Grant Anthony McBride (29 December 1949 – 12 February 2018) was an Australian politician who was a member of the New South Wales Legislative Assembly representing the electorate of The Entrance on the New South Wales Central Coast for the Labor Party between 1992 and 2011.

Political career 
McBride won Australian Labor Party preselection for The Entrance in the 1991 state election, losing to Liberal incumbent Bob Graham by 116 votes.

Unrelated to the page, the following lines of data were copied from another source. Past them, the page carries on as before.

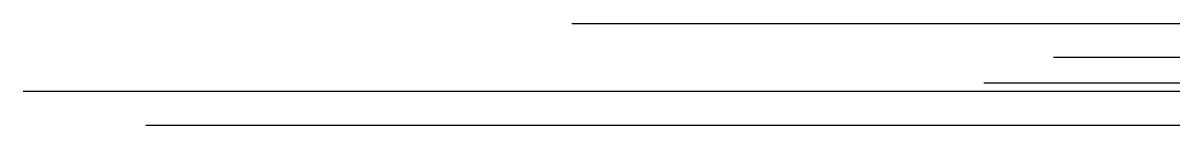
# Model space of a CAD drawing. Extents: x -1951 to 2029, y -1958 to 1511.
# Drawn here: x -1951 to -604, y -151 to -31 of the extents above; entities that cross this region are included whole.
import ezdxf

# ---------------------------------------------------------------- set-up
doc = ezdxf.new("R2010")
doc.units = 0
doc.layers.add('CONSTRUCTION', color=7, linetype='CONTINUOUS')

msp = doc.modelspace()

# ---------------------------------------------------------------- linework, layer by layer
at = {"layer": 'CONSTRUCTION', "color": 6}
for p, q in [((-1308.9, -30.9), (1354, -30.9)), ((807.8, -70.9), (-745.5, -70.9)), ((1007.8, -100.9), (-826.7, -100.9)), ((1893.9, -110.9), (-1951.1, -110.9)), ((2029, -150.9), (-1807.3, -150.9))]:
    msp.add_line(p, q, dxfattribs=at)

doc.saveas('drawing.dxf')
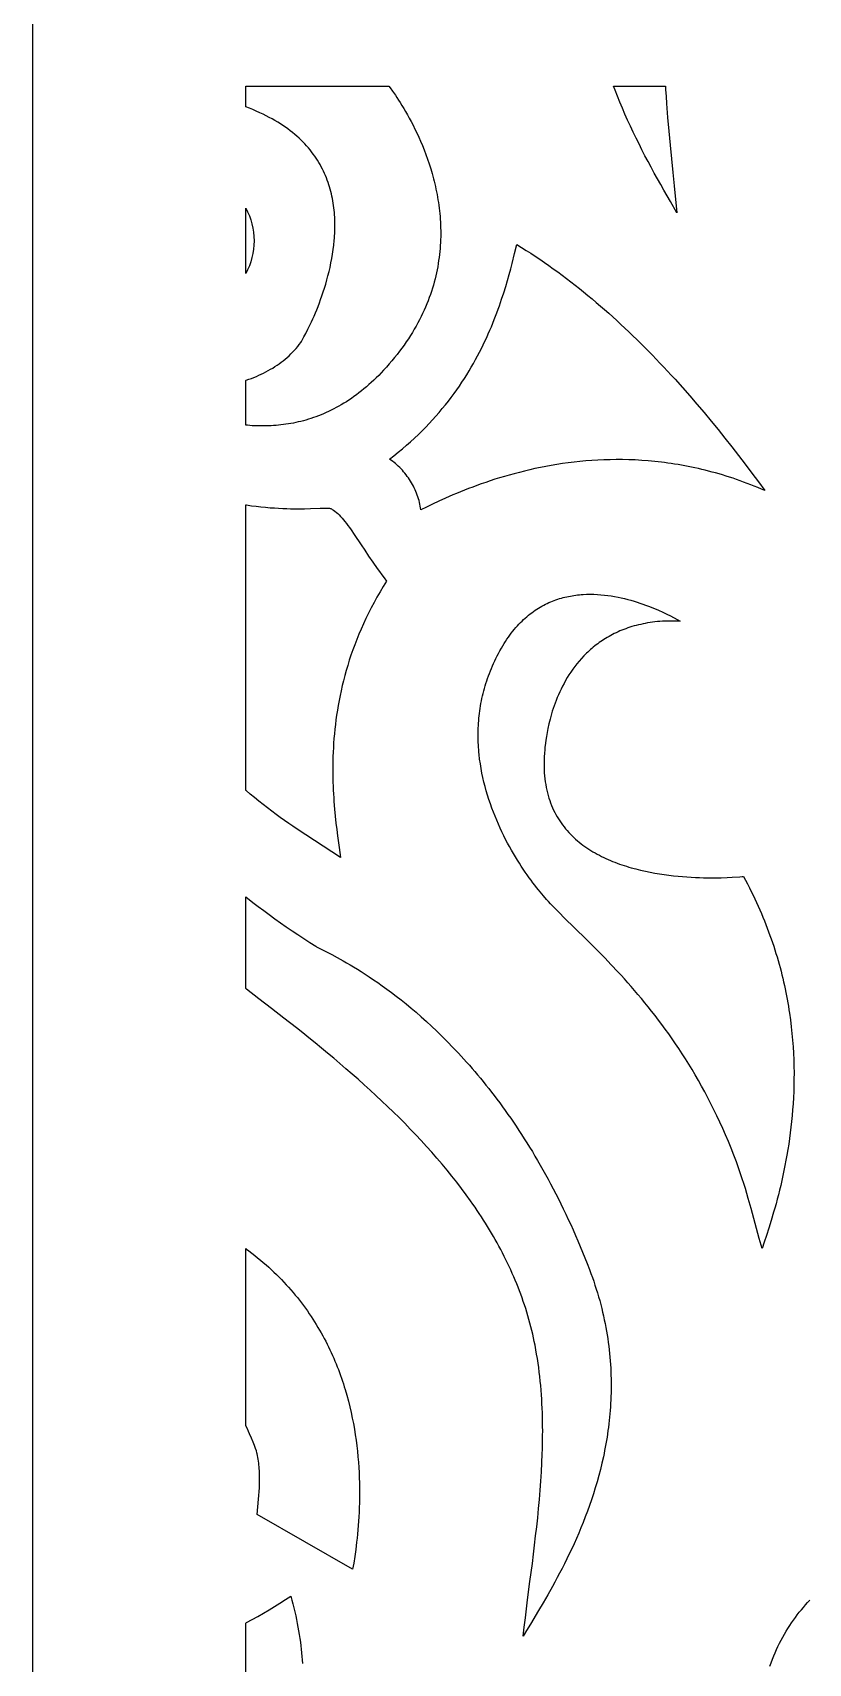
# Model space of a CAD drawing. Extents: x -1000 to 1000, y -1450 to 1450.
# Drawn here: x -1000 to -818, y 629.6 to 1012.6 of the extents above; entities that cross this region are included whole.
import ezdxf

# ---------------------------------------------------------------- set-up
doc = ezdxf.new("R2010")
doc.units = 0
doc.layers.add('LAYER_1', color=18, linetype='CONTINUOUS')

msp = doc.modelspace()

# ---------------------------------------------------------------- linework, layer by layer
at = {"layer": 'LAYER_1'}
for points in [[(-1000, -1450), (-600, -1450), (-600, 1050), (-1000, 1050)], [(-916.11, 999.59), (-915.54, 998.8), (-914.88, 997.85), (-914.52, 997.31), (-914.14, 996.73), (-913.75, 996.12), (-913.34, 995.46), (-912.92, 994.77), (-912.5, 994.05), (-912.06, 993.29), (-911.63, 992.49), (-911.18, 991.67), (-910.74, 990.81), (-910.29, 989.92), (-909.85, 988.99), (-909.41, 988.04), (-908.98, 987.06), (-908.55, 986.05), (-908.13, 985.01), (-907.73, 983.95), (-907.33, 982.86), (-906.96, 981.74), (-906.6, 980.6), (-906.25, 979.44), (-905.93, 978.25), (-905.78, 977.65), (-905.63, 977.05), (-905.49, 976.43), (-905.36, 975.82), (-905.23, 975.2), (-905.11, 974.57), (-904.99, 973.94), (-904.89, 973.3), (-904.79, 972.66), (-904.69, 972.01), (-904.61, 971.36), (-904.54, 970.71), (-904.47, 970.05), (-904.41, 969.39), (-904.36, 968.72), (-904.32, 968.05), (-904.29, 967.38), (-904.27, 966.7), (-904.25, 966.02), (-904.25, 965.33), (-904.26, 964.64), (-904.28, 963.95), (-904.31, 963.26), (-904.35, 962.56), (-904.4, 961.86), (-904.47, 961.15), (-904.54, 960.45), (-904.63, 959.74), (-904.73, 959.03), (-904.84, 958.31), (-904.96, 957.59), (-905.1, 956.88), (-905.25, 956.15), (-905.41, 955.43), (-905.59, 954.71), (-905.78, 953.98), (-905.98, 953.25), (-906.2, 952.52), (-906.44, 951.79), (-906.68, 951.05), (-906.95, 950.32), (-907.22, 949.58), (-907.52, 948.84), (-907.83, 948.11), (-908.15, 947.37), (-908.49, 946.63), (-908.85, 945.89), (-909.22, 945.14), (-909.62, 944.4), (-910.02, 943.66), (-910.45, 942.92), (-910.89, 942.17), (-911.35, 941.43), (-911.83, 940.69), (-912.33, 939.95), (-912.84, 939.2), (-913.38, 938.46), (-913.93, 937.72), (-914.5, 936.98), (-915.09, 936.24), (-915.7, 935.5), (-916.33, 934.76), (-916.98, 934.02), (-917.66, 933.28), (-918.23, 932.67), (-918.8, 932.08), (-919.37, 931.51), (-919.95, 930.95), (-920.53, 930.41), (-921.11, 929.89), (-921.69, 929.38), (-922.27, 928.89), (-922.86, 928.42), (-923.44, 927.96), (-924.03, 927.52), (-924.62, 927.09), (-925.21, 926.67), (-925.8, 926.27), (-926.39, 925.89), (-926.98, 925.52), (-927.58, 925.17), (-928.17, 924.83), (-928.76, 924.5), (-929.36, 924.18), (-929.95, 923.88), (-930.55, 923.6), (-931.14, 923.32), (-931.74, 923.06), (-932.33, 922.82), (-932.92, 922.58), (-933.52, 922.36), (-934.11, 922.15), (-934.7, 921.95), (-935.3, 921.76), (-935.89, 921.59), (-936.48, 921.42), (-937.07, 921.27), (-937.66, 921.13), (-938.24, 921), (-938.83, 920.88), (-939.41, 920.77), (-940, 920.67), (-940.58, 920.58), (-941.16, 920.5), (-941.74, 920.43), (-942.31, 920.37), (-942.89, 920.31), (-943.46, 920.27), (-944.03, 920.24), (-944.6, 920.21), (-945.17, 920.2), (-945.73, 920.19), (-946.29, 920.19), (-946.85, 920.2), (-947.4, 920.21), (-947.96, 920.23), (-948.51, 920.26), (-949.05, 920.3), (-949.6, 920.35), (-950, 920.38), (-950, 930.9), (-949.87, 930.94), (-949.27, 931.15), (-948.68, 931.37), (-948.09, 931.6), (-947.51, 931.84), (-946.94, 932.09), (-946.38, 932.35), (-945.82, 932.62), (-945.27, 932.9), (-944.73, 933.19), (-944.2, 933.49), (-943.67, 933.8), (-943.16, 934.12), (-942.65, 934.45), (-942.16, 934.8), (-941.67, 935.15), (-941.2, 935.52), (-940.73, 935.9), (-940.28, 936.28), (-939.84, 936.68), (-939.41, 937.1), (-938.99, 937.52), (-938.59, 937.96), (-938.19, 938.4), (-937.81, 938.86), (-937.45, 939.33), (-937.09, 939.82), (-936.94, 940.06), (-936.68, 940.5), (-936.33, 941.13), (-935.9, 941.94), (-935.4, 942.91), (-934.86, 944.04), (-934.57, 944.66), (-934.27, 945.32), (-933.97, 946.01), (-933.66, 946.73), (-933.35, 947.48), (-933.04, 948.27), (-932.73, 949.08), (-932.42, 949.92), (-932.12, 950.78), (-931.82, 951.67), (-931.52, 952.58), (-931.24, 953.51), (-930.96, 954.47), (-930.7, 955.44), (-930.45, 956.43), (-930.22, 957.44), (-930, 958.46), (-929.8, 959.5), (-929.63, 960.54), (-929.47, 961.6), (-929.34, 962.67), (-929.23, 963.75), (-929.19, 964.29), (-929.15, 964.84), (-929.12, 965.38), (-929.1, 965.93), (-929.08, 966.47), (-929.07, 967.02), (-929.07, 967.57), (-929.08, 968.12), (-929.1, 968.67), (-929.13, 969.22), (-929.16, 969.77), (-929.2, 970.32), (-929.26, 970.87), (-929.32, 971.42), (-929.39, 971.97), (-929.47, 972.51), (-929.56, 973.06), (-929.66, 973.61), (-929.78, 974.15), (-929.9, 974.7), (-930.03, 975.24), (-930.18, 975.78), (-930.33, 976.32), (-930.5, 976.85), (-930.68, 977.39), (-930.87, 977.92), (-931.07, 978.45), (-931.29, 978.97), (-931.52, 979.5), (-931.76, 980.02), (-932.01, 980.53), (-932.28, 981.05), (-932.56, 981.56), (-932.85, 982.06), (-933.16, 982.57), (-933.48, 983.06), (-933.81, 983.56), (-934.16, 984.05), (-934.53, 984.53), (-934.91, 985.01), (-935.3, 985.49), (-935.71, 985.96), (-936.13, 986.42), (-936.57, 986.88), (-937.03, 987.34), (-937.5, 987.79), (-937.99, 988.23), (-938.49, 988.67), (-939.01, 989.1), (-939.55, 989.52), (-940.11, 989.94), (-940.68, 990.35), (-941.27, 990.75), (-941.88, 991.15), (-942.5, 991.54), (-943.15, 991.92), (-943.81, 992.29), (-944.49, 992.66), (-945.19, 993.02), (-945.9, 993.37), (-946.71, 993.75), (-947.52, 994.12), (-948.33, 994.47), (-949.13, 994.82), (-949.94, 995.15), (-950, 995.17), (-950, 1000), (-916.42, 1000)], [(-851.48, 999.18), (-851.37, 997.54), (-851.25, 995.91), (-851, 992.65), (-850.73, 989.4), (-850.43, 986.16), (-850.12, 982.93), (-849.8, 979.73), (-849.48, 976.54), (-848.82, 970.24), (-850.35, 972.89), (-851.88, 975.55), (-852.63, 976.89), (-853.38, 978.23), (-854.13, 979.58), (-854.87, 980.94), (-855.6, 982.3), (-856.32, 983.66), (-857.03, 985.03), (-857.72, 986.41), (-858.41, 987.79), (-859.08, 989.18), (-859.74, 990.57), (-860.39, 991.97), (-861.01, 993.37), (-861.62, 994.78), (-862.22, 996.2), (-862.79, 997.62), (-863.34, 999.04), (-863.7, 1000), (-851.53, 1000)], [(-885.28, 962.12), (-884.19, 961.43), (-883.12, 960.74), (-882.05, 960.03), (-880.99, 959.32), (-879.93, 958.59), (-878.88, 957.86), (-877.84, 957.12), (-876.8, 956.36), (-875.77, 955.6), (-874.74, 954.83), (-873.72, 954.05), (-872.71, 953.26), (-871.71, 952.46), (-870.71, 951.66), (-869.71, 950.84), (-868.72, 950.02), (-867.74, 949.19), (-866.77, 948.35), (-865.79, 947.51), (-864.83, 946.65), (-863.87, 945.79), (-862.92, 944.92), (-861.97, 944.05), (-861.03, 943.17), (-860.09, 942.28), (-859.16, 941.38), (-858.24, 940.48), (-857.32, 939.58), (-856.4, 938.66), (-855.49, 937.74), (-854.59, 936.82), (-853.69, 935.88), (-852.8, 934.95), (-851.91, 934.01), (-851.02, 933.06), (-850.15, 932.1), (-849.27, 931.15), (-847.54, 929.22), (-845.83, 927.27), (-844.14, 925.31), (-842.46, 923.33), (-840.81, 921.33), (-839.17, 919.33), (-837.55, 917.31), (-835.94, 915.28), (-834.36, 913.24), (-832.79, 911.19), (-831.23, 909.14), (-829.7, 907.08), (-828.17, 905.01), (-829.01, 905.37), (-829.85, 905.73), (-830.68, 906.07), (-831.52, 906.4), (-832.35, 906.72), (-833.18, 907.03), (-834.01, 907.33), (-834.83, 907.62), (-835.66, 907.9), (-836.48, 908.17), (-837.3, 908.43), (-838.12, 908.68), (-838.94, 908.92), (-839.75, 909.15), (-840.57, 909.38), (-841.38, 909.59), (-842.19, 909.8), (-842.99, 909.99), (-843.8, 910.18), (-844.6, 910.36), (-845.4, 910.53), (-846.2, 910.69), (-846.99, 910.84), (-847.78, 910.99), (-848.57, 911.12), (-849.36, 911.25), (-850.14, 911.37), (-850.93, 911.48), (-851.71, 911.59), (-852.48, 911.69), (-853.26, 911.77), (-854.03, 911.86), (-854.8, 911.93), (-855.56, 912), (-857.09, 912.11), (-858.6, 912.2), (-860.09, 912.25), (-861.58, 912.28), (-863.05, 912.29), (-864.51, 912.27), (-865.96, 912.23), (-867.39, 912.16), (-868.81, 912.08), (-870.21, 911.97), (-871.6, 911.84), (-872.97, 911.69), (-874.33, 911.52), (-875.67, 911.34), (-877, 911.13), (-878.31, 910.91), (-879.6, 910.68), (-880.87, 910.43), (-882.13, 910.17), (-883.37, 909.89), (-884.59, 909.6), (-885.8, 909.3), (-886.98, 908.99), (-888.15, 908.67), (-889.29, 908.34), (-890.42, 908), (-891.52, 907.66), (-892.61, 907.31), (-893.67, 906.95), (-894.72, 906.59), (-895.74, 906.22), (-896.74, 905.85), (-897.72, 905.48), (-898.67, 905.11), (-899.6, 904.74), (-900.51, 904.36), (-901.4, 903.99), (-902.26, 903.62), (-903.1, 903.25), (-904.71, 902.53), (-906.21, 901.82), (-907.61, 901.15), (-908.9, 900.5), (-908.96, 900.94), (-909.04, 901.37), (-909.12, 901.81), (-909.22, 902.24), (-909.33, 902.67), (-909.45, 903.1), (-909.59, 903.53), (-909.74, 903.96), (-909.9, 904.38), (-910.07, 904.8), (-910.26, 905.22), (-910.45, 905.63), (-910.65, 906.04), (-910.87, 906.44), (-911.1, 906.84), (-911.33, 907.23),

However, due to the late completion of the 1991 redistribution, hundreds of voters received absentee ballots for Gosford.  As a result, the Court of Disputed Returns ordered a by-election for 1992, which was won by McBride.

In 2003, McBride was appointed Minister for Gaming and Racing and, in 2005, appointed Minister for the Central Coast. As Minister for Gaming and Racing, in 2005, he proposed a ban on Dutch beer Shag, claiming its name was offensive to Australians. McBride said the beer's name linked it, "directly with sexual intercourse". McBride held both Ministerial positions until a controversy arose during 2006, when he was accused of wasting $50,000 on an overseas trip in November 2005. It was alleged that McBride was accompanied by former Gosford City Councillor, Daniel Cook and his former chief of staff (and son of former Police Minister Paul Whelan) John Whelan. Media reports of the incident suggested McBride had taken the trip knowing he might be removed from the Cabinet. McBride lost his position as Minister for Gaming and Racing and Minister for the Central Coast in April 2007.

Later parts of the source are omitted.